§ Task details: Every line below that contains the word "Resistors" must be copied.

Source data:
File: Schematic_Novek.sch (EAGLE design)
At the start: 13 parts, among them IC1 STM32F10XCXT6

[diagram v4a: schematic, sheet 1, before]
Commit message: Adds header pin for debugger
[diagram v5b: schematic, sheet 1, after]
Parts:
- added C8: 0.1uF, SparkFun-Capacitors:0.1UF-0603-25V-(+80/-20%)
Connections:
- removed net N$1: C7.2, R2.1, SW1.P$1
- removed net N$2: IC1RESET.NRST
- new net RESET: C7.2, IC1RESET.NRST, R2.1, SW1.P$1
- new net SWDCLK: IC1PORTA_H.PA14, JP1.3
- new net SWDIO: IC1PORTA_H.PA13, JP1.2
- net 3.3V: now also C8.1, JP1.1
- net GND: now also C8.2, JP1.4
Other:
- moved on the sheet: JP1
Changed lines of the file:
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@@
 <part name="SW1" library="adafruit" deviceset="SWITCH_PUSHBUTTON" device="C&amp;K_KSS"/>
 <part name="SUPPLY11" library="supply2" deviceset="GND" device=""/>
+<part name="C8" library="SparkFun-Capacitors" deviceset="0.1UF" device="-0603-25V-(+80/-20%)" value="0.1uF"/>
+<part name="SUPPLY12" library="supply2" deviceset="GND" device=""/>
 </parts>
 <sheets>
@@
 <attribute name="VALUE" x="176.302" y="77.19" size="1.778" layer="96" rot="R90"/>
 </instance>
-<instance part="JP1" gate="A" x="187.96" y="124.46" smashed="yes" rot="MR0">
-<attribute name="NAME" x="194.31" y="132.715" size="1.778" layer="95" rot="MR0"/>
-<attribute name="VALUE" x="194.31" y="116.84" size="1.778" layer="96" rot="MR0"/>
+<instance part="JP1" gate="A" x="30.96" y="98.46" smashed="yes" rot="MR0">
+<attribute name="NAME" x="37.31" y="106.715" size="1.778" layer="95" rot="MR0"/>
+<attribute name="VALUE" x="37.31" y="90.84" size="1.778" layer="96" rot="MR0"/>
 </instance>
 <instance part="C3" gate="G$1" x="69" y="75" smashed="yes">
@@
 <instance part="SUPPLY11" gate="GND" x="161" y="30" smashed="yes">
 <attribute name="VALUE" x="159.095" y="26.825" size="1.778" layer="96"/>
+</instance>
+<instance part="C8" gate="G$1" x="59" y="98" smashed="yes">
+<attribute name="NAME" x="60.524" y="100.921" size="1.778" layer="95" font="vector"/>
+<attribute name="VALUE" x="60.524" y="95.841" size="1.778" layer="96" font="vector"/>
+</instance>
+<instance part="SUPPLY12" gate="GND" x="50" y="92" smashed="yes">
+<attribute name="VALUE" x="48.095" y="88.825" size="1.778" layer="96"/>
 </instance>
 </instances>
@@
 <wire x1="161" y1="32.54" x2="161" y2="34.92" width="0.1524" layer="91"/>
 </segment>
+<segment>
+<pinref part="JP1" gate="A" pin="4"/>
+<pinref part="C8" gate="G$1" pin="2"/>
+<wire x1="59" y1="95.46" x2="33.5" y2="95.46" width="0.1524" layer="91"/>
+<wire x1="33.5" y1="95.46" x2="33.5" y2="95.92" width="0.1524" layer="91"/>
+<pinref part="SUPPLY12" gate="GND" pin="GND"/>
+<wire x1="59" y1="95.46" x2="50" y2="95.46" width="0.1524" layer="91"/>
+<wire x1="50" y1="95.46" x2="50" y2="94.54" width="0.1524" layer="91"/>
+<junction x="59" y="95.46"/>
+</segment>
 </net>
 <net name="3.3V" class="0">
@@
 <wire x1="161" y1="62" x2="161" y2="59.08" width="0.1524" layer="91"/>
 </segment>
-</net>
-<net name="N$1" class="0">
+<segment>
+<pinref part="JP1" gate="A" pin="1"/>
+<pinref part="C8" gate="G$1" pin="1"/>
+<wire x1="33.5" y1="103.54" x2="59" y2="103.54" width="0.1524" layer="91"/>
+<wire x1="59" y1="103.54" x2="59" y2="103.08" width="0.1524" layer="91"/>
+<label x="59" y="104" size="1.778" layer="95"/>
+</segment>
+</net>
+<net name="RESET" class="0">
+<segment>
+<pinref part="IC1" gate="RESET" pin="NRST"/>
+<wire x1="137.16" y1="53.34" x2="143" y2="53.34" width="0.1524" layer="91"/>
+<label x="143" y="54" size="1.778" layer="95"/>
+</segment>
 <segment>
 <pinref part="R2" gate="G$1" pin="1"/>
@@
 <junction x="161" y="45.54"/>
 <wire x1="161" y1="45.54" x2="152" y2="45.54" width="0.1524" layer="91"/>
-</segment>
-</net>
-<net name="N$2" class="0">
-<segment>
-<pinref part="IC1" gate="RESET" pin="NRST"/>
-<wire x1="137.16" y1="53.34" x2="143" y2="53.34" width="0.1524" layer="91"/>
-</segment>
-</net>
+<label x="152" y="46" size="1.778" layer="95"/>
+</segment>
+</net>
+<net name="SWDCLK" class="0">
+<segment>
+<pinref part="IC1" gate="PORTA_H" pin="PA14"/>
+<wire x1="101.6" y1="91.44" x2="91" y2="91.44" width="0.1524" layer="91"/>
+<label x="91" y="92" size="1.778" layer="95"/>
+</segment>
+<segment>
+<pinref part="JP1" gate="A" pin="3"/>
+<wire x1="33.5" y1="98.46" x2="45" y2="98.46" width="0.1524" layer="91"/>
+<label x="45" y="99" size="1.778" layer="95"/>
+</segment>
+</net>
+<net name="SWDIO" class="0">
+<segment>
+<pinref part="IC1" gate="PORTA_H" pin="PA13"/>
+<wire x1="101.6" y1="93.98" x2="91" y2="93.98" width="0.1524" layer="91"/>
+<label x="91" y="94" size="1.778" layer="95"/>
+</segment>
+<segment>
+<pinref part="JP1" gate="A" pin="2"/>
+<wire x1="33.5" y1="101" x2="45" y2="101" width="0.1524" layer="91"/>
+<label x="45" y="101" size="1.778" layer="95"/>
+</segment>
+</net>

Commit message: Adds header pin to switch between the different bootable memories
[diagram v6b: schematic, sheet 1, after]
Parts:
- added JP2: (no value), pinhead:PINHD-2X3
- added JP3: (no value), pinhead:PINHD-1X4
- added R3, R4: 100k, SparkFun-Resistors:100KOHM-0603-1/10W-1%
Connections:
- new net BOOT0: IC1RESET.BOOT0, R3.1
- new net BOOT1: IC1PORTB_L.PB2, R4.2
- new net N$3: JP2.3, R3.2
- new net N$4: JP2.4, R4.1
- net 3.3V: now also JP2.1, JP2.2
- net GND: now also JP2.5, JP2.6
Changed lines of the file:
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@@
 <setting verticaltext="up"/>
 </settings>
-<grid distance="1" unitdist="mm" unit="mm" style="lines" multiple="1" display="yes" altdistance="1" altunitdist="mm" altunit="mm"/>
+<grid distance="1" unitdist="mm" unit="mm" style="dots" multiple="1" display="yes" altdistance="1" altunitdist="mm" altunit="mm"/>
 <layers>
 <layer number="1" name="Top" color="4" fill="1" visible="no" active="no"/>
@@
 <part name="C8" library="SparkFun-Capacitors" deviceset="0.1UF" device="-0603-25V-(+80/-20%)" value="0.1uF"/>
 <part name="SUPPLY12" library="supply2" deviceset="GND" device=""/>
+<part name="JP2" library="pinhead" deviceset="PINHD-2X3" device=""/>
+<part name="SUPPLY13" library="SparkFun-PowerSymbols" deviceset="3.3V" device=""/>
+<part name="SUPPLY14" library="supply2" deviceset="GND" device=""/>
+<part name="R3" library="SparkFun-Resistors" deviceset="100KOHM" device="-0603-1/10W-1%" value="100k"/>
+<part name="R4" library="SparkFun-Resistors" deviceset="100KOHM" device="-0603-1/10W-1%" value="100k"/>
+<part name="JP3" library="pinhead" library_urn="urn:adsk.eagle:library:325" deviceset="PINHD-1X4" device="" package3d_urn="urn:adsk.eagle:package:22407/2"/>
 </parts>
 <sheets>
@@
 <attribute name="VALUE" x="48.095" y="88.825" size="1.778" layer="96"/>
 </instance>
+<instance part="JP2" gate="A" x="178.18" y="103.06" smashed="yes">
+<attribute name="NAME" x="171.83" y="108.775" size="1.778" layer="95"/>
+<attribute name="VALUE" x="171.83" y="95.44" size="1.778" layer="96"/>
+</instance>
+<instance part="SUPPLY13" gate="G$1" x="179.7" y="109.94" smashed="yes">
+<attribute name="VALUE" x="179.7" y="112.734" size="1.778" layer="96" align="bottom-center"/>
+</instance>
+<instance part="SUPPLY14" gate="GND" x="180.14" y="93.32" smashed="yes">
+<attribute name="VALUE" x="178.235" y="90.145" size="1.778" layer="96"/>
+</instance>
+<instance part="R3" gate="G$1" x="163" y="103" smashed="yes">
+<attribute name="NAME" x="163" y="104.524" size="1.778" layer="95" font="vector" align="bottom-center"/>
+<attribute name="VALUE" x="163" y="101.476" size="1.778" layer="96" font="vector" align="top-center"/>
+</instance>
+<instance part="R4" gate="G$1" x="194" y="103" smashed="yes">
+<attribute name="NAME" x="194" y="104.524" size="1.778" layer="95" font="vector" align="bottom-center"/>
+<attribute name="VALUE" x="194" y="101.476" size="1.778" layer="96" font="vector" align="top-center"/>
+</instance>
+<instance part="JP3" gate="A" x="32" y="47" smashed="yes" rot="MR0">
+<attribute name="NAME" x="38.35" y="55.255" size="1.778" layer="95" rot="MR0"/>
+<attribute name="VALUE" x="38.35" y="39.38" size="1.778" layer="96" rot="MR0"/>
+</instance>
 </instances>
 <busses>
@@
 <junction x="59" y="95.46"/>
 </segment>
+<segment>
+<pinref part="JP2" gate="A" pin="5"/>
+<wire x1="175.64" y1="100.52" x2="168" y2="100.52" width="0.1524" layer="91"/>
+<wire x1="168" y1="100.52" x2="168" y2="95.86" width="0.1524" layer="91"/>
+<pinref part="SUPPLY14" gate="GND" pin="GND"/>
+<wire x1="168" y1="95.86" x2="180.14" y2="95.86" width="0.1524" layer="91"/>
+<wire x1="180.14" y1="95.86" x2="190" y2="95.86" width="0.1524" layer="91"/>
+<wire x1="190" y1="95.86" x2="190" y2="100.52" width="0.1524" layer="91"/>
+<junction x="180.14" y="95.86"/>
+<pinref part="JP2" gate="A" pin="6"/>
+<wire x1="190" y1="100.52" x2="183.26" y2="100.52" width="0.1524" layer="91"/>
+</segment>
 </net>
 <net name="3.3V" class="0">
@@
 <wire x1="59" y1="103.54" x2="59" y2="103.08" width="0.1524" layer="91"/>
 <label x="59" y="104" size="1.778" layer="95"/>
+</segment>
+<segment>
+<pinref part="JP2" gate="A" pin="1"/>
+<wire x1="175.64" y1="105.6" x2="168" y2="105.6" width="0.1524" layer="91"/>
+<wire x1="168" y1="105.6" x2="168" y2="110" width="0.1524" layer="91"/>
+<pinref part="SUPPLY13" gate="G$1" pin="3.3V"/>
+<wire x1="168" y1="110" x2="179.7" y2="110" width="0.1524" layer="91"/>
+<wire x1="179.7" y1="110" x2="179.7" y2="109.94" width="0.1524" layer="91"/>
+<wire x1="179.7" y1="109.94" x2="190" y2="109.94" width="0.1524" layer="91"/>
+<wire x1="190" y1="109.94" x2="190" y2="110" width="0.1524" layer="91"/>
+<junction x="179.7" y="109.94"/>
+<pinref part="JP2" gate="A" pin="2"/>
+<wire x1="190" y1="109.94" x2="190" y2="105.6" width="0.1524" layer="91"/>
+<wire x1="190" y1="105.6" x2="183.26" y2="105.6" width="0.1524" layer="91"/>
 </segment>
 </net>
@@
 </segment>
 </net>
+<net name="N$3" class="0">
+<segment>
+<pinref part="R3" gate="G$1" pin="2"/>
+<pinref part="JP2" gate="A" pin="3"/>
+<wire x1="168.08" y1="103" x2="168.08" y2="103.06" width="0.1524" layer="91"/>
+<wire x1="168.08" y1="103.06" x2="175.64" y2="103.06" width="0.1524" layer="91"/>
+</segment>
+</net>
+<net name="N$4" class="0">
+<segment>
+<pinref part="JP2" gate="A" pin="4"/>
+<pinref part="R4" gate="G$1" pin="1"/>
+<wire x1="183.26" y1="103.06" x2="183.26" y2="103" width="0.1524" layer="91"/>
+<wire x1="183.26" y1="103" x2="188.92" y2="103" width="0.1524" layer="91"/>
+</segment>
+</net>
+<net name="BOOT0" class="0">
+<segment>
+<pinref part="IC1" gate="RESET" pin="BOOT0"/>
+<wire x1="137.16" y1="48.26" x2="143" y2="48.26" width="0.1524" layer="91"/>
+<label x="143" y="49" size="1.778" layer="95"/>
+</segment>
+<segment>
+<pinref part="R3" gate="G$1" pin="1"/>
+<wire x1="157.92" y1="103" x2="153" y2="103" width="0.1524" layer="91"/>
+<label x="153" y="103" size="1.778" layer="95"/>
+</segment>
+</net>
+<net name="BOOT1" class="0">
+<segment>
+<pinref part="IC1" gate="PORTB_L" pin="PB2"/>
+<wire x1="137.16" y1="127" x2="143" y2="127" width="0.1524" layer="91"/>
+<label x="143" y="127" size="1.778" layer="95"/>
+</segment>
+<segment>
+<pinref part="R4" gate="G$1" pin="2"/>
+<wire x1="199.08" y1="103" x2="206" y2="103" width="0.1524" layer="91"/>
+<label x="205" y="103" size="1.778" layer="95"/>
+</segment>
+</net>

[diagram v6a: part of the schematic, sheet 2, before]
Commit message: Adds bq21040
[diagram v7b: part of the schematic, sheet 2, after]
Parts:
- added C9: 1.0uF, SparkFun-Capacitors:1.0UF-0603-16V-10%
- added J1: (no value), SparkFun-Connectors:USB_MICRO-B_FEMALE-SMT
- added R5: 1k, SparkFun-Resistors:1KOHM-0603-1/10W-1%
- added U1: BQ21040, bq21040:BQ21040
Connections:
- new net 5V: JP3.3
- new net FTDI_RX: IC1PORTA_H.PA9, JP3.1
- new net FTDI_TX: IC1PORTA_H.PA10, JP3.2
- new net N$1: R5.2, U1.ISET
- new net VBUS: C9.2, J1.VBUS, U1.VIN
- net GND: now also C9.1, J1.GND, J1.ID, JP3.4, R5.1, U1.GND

§ Answer:
- added R3, R4: 100k, SparkFun-Resistors:100KOHM-0603-1/10W-1%
+<part name="R3" library="SparkFun-Resistors" deviceset="100KOHM" device="-0603-1/10W-1%" value="100k"/>
+<part name="R4" library="SparkFun-Resistors" deviceset="100KOHM" device="-0603-1/10W-1%" value="100k"/>
- added R5: 1k, SparkFun-Resistors:1KOHM-0603-1/10W-1%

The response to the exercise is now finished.